Ripper Seeds
von Ripper Seeds
Zombie Kush ist eine indica-dominante feminisierte Cannabissorte (80 % Indica / 20 % Sativa) von Ripper Seeds, die aus der Kreuzung von Lavender Kush, Amnesia und Bubba Kush entstanden ist. Mit einer Blütezeit von nur 55–60 Tagen indoor gehört sie zu den schnellsten Kush-Varietäten in unserem Samenkatalog — und liefert dabei dichte, violett schimmernde Blüten, die unter einer dicken Trichomschicht verschwinden. Drei feminisierte Samen pro Packung, THC-Gehalt zwischen 18 und 24 %.

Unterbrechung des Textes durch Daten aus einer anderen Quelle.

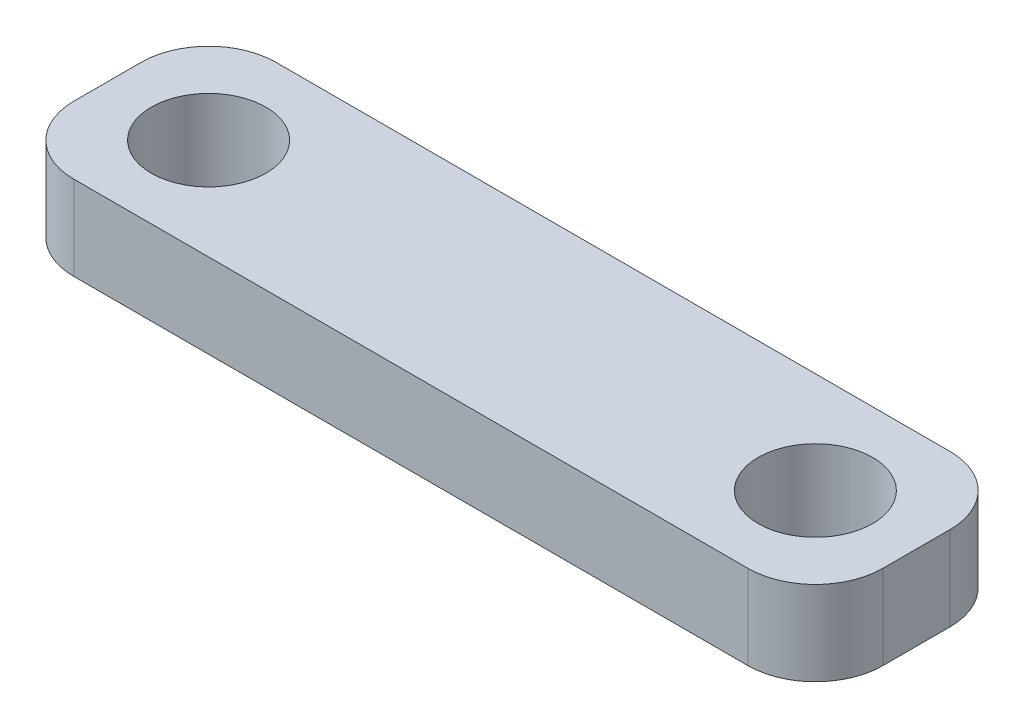
from build123d import *

# Parameters (mm, degrees)
SKETCH_1_R      = 1.7
EXTRUDE_1_DEPTH = 2.5


with BuildPart() as part:
    # 草图1 → 凸台-拉伸1 (new body)
    with BuildSketch(Plane(origin=(0, 0, 0), x_dir=(1, 0, 0), z_dir=(0, 1, 0))):
        with BuildLine():
            Line((-10, 3), (10, 3))
            ThreePointArc((10, 3), (11.414213562, 2.414213562), (12, 1))
            Line((12, 1), (12, -1))
            ThreePointArc((12, -1), (11.414213562, -2.414213562), (10, -3))
            Line((10, -3), (-10, -3))
            ThreePointArc((-10, -3), (-11.414213562, -2.414213562), (-12, -1))
            Line((-12, -1), (-12, 1))
            ThreePointArc((-12, 1), (-11.414213562, 2.414213562), (-10, 3))
        make_face()
        with Locations(Location((-9, 0, 0), (0, 0, 270))):
            Circle(SKETCH_1_R, mode=Mode.SUBTRACT)
        with Locations(Location((9, 0, 0), (0, 0, 270))):
            Circle(SKETCH_1_R, mode=Mode.SUBTRACT)
    extrude(amount=EXTRUDE_1_DEPTH)


solid = part.part

Der Name klingt nach Horrorfilm, aber hinter der Zucht steckt präzise Arbeit. Ripper Seeds hat mit einem Lavender-Kush-Klon angefangen — einer Indica, die bereits für ihre ausgeprägte Violettfärbung geschätzt wird. Dieser Klon wurde mit Amnesia bestäubt, um Sativa-Vitalität und eine zerebrale Komponente einzubringen. Aus dieser Kreuzung wurde ein besonders vielversprechender Phänotyp namens »Sideral« selektiert und anschließend mit Bubba Kush bestäubt — einer der bekanntesten OG-Linien überhaupt.
Das Ergebnis ist ein dreifach gestapelter Kush-Hybrid, der klar in Richtung Indica tendiert, aber genug Sativa-Einfluss mitbringt, um nicht eindimensional zu wirken. Die Bubba-Kush-Basis zeigt sich in der Struktur: kompakte Internodien, dicke Stängel und Blüten, die in den letzten Wochen massiv an Dichte zulegen. Der Amnesia-Anteil macht sich beim vegetativen Wachstum bemerkbar — für eine 80-%-Indica wächst sie überraschend zügig.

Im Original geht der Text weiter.